Saved data entries:
#####

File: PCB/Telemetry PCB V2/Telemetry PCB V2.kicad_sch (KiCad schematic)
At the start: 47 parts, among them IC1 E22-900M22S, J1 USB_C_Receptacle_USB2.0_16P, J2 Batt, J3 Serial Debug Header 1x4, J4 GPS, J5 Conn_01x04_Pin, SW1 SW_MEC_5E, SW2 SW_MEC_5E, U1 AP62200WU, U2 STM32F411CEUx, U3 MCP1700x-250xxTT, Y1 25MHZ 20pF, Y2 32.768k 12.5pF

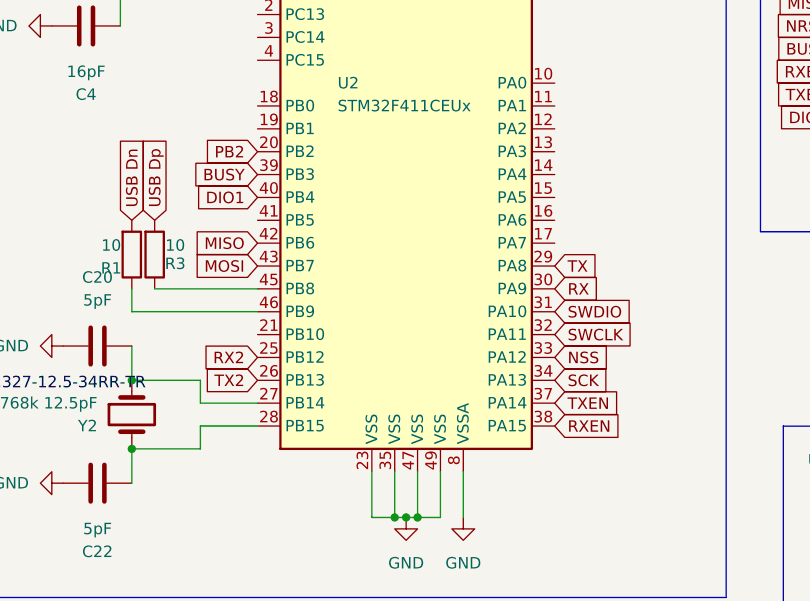
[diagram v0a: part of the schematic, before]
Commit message: Started work on SRAD Prototype V2
Moved to a 4 layer PCB.
Changed the value of the filter capacitors near the linear voltage regulator to better fit our use case.
moved some of the IO pins around for routing reasons.
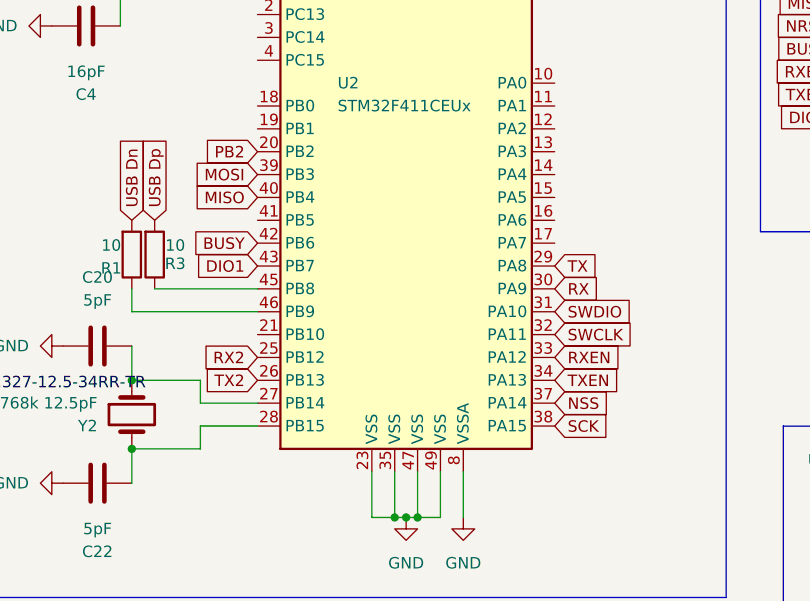
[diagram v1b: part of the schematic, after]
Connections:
- net BUSY: now also U2.42 (PB6); no longer U2.39 (PB3)
- net DIO1: now also U2.43 (PB7); no longer U2.40 (PB4)
- net MISO: now also U2.40 (PB4); no longer U2.42 (PB6)
- net MOSI: now also U2.39 (PB3); no longer U2.43 (PB7)
- net NSS: now also U2.37 (PA14); no longer U2.33 (PA12)
- net RXEN: now also U2.33 (PA12); no longer U2.38 (PA15)
- net SCK: now also U2.38 (PA15); no longer U2.34 (PA13)
- net TXEN: now also U2.34 (PA13); no longer U2.37 (PA14)

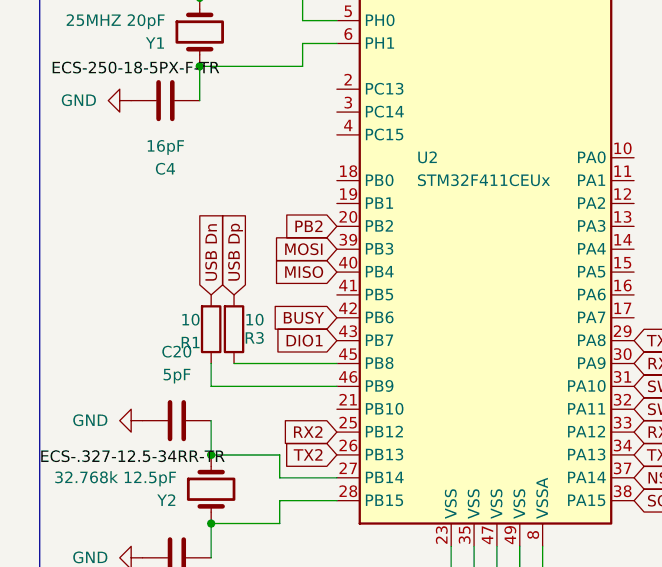
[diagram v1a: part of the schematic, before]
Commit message: Continued Layout for V2
Continued to place components and layout for v2 board.
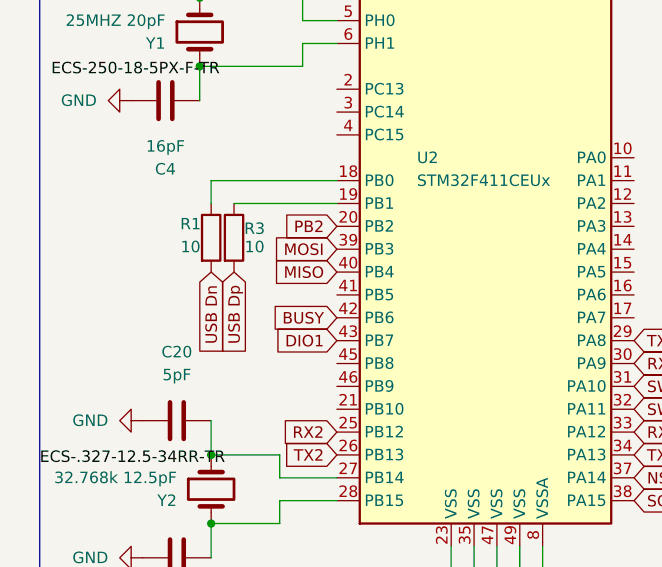
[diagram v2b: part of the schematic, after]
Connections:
- net at U2.18 (PB0): now also R1.1
- net at U2.19 (PB1): now also R3.1
- net at U2.45 (PB8): no longer R3.1
- net at U2.46 (PB9): no longer R1.1
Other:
- moved on the sheet: R1, R3
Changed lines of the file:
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@@
 	(wire
 		(pts
-			(xy 49.53 93.98) (xy 38.1 93.98)
+			(xy 49.53 76.2) (xy 38.1 76.2)
 		)
 		(stroke
@@
 	(wire
 		(pts
-			(xy 49.53 96.52) (xy 35.56 96.52)
+			(xy 49.53 73.66) (xy 35.56 73.66)
 		)
 		(stroke
@@
 	(wire
 		(pts
-			(xy 35.56 96.52) (xy 35.56 93.98)
+			(xy 35.56 73.66) (xy 35.56 76.2)
 		)
 		(stroke
@@
 	(global_label "USB Dp"
 		(shape input)
-		(at 38.1 86.36 90)
+		(at 38.1 83.82 270)
 		(fields_autoplaced yes)
 		(effects
@@
 				(size 1.27 1.27)
 			)
-			(justify left)
+			(justify right)
 		)
 		(property "Intersheetrefs" "${INTERSHEET_REFS}"
-			(at 38.1 76.1782 90)
+			(at 38.1 94.0018 90)
 			(effects
 				(font
 					(size 1.27 1.27)
 				)
-				(justify left)
+				(justify right)
 				(hide yes)
 			)
@@
 	(global_label "USB Dn"
 		(shape input)
-		(at 35.56 86.36 90)
+		(at 35.56 83.82 270)
 		(fields_autoplaced yes)
 		(effects
@@
 				(size 1.27 1.27)
 			)
-			(justify left)
+			(justify right)
 		)
 		(property "Intersheetrefs" "${INTERSHEET_REFS}"
-			(at 35.56 76.1782 90)
+			(at 35.56 94.0018 90)
 			(effects
 				(font
 					(size 1.27 1.27)
 				)
-				(justify left)
+				(justify right)
 				(hide yes)
 			)
@@
 	(symbol
 		(lib_id "Device:R")
-		(at 38.1 90.17 0)
-		(mirror x)
+		(at 38.1 80.01 0)
 		(unit 1)
 		(exclude_from_sim no)
@@
 		(dnp no)
 		(property "Reference" "R3"
-			(at 40.386 91.186 0)
+			(at 40.386 78.994 0)
 			(effects
 				(font
@@
 		)
 		(property "Value" "10"
-			(at 40.386 89.154 0)
+			(at 40.386 81.026 0)
 			(effects
 				(font
@@
 		)
 		(property "Footprint" "Capacitor_SMD:C_1206_3216Metric_Pad1.33x1.80mm_HandSolder"
-			(at 36.322 90.17 90)
+			(at 36.322 80.01 90)
 			(effects
 				(font
@@
 		)
 		(property "Datasheet" "~"
-			(at 38.1 90.17 0)
+			(at 38.1 80.01 0)
 			(effects
 				(font
@@
 		)
 		(property "Description" "Resistor"
-			(at 38.1 90.17 0)
+			(at 38.1 80.01 0)
 			(effects
 				(font
@@
 	(symbol
 		(lib_id "Device:R")
-		(at 35.56 90.17 0)
-		(mirror x)
+		(at 35.56 80.01 0)
 		(unit 1)
 		(exclude_from_sim no)
@@
 		(dnp no)
 		(property "Reference" "R1"
-			(at 33.274 91.694 0)
+			(at 33.274 78.486 0)
 			(effects
 				(font
@@
 		)
 		(property "Value" "10"
-			(at 33.274 89.154 0)
+			(at 33.274 81.026 0)
 			(effects
 				(font
@@
 		)
 		(property "Footprint" "Capacitor_SMD:C_1206_3216Metric_Pad1.33x1.80mm_HandSolder"
-			(at 33.782 90.17 90)
+			(at 33.782 80.01 90)
 			(effects
 				(font
@@
 		)
 		(property "Datasheet" "~"
-			(at 35.56 90.17 0)
+			(at 35.56 80.01 0)
 			(effects
 				(font
@@
 		)
 		(property "Description" "Resistor"
-			(at 35.56 90.17 0)
+			(at 35.56 80.01 0)
 			(effects
 				(font

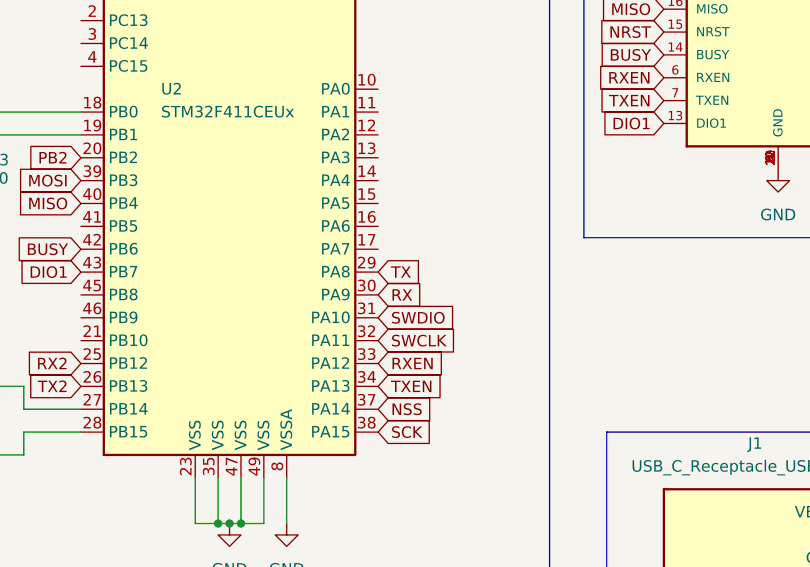
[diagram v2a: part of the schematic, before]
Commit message: Work continues
More pads + tinkered with Vias. Also reoriented the 32kHz crystal so that the load capacitors were between it and the MCU.
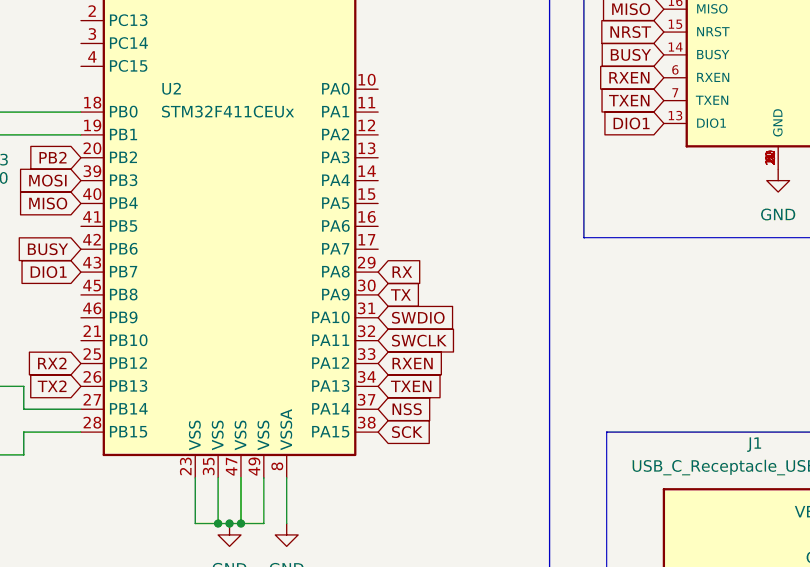
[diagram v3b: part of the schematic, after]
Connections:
- net RX: now also U2.29 (PA8); no longer U2.30 (PA9)
- net TX: now also U2.30 (PA9); no longer U2.29 (PA8)
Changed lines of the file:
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@@
 	(global_label "RX"
 		(shape input)
+		(at 82.55 91.44 0)
+		(fields_autoplaced yes)
+		(effects
+			(font
+				(size 1.27 1.27)
+			)
+			(justify left)
+		)
+		(property "Intersheetrefs" "${INTERSHEET_REFS}"
+			(at 88.0147 91.44 0)
+			(effects
+				(font
+					(size 1.27 1.27)
+				)
+				(justify left)
+				(hide yes)
+			)
+		)
+	)
+	(global_label "DIO1"
+		(shape input)
+		(at 49.53 91.44 180)
+		(fields_autoplaced yes)
+		(effects
+			(font
+				(size 1.27 1.27)
+			)
+			(justify right)
+		)
+		(property "Intersheetrefs" "${INTERSHEET_REFS}"
+			(at 42.13 91.44 0)
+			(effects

#####

Work task: Please quote exactly the run of lines that starts the entries and ends at the line containing "moved some of", leaving out every picture.

Answer for this exercise:
File: PCB/Telemetry PCB V2/Telemetry PCB V2.kicad_sch (KiCad schematic)
At the start: 47 parts, among them IC1 E22-900M22S, J1 USB_C_Receptacle_USB2.0_16P, J2 Batt, J3 Serial Debug Header 1x4, J4 GPS, J5 Conn_01x04_Pin, SW1 SW_MEC_5E, SW2 SW_MEC_5E, U1 AP62200WU, U2 STM32F411CEUx, U3 MCP1700x-250xxTT, Y1 25MHZ 20pF, Y2 32.768k 12.5pF

[diagram v0a: part of the schematic, before]
Commit message: Started work on SRAD Prototype V2
Moved to a 4 layer PCB.
Changed the value of the filter capacitors near the linear voltage regulator to better fit our use case.
moved some of the IO pins around for routing reasons.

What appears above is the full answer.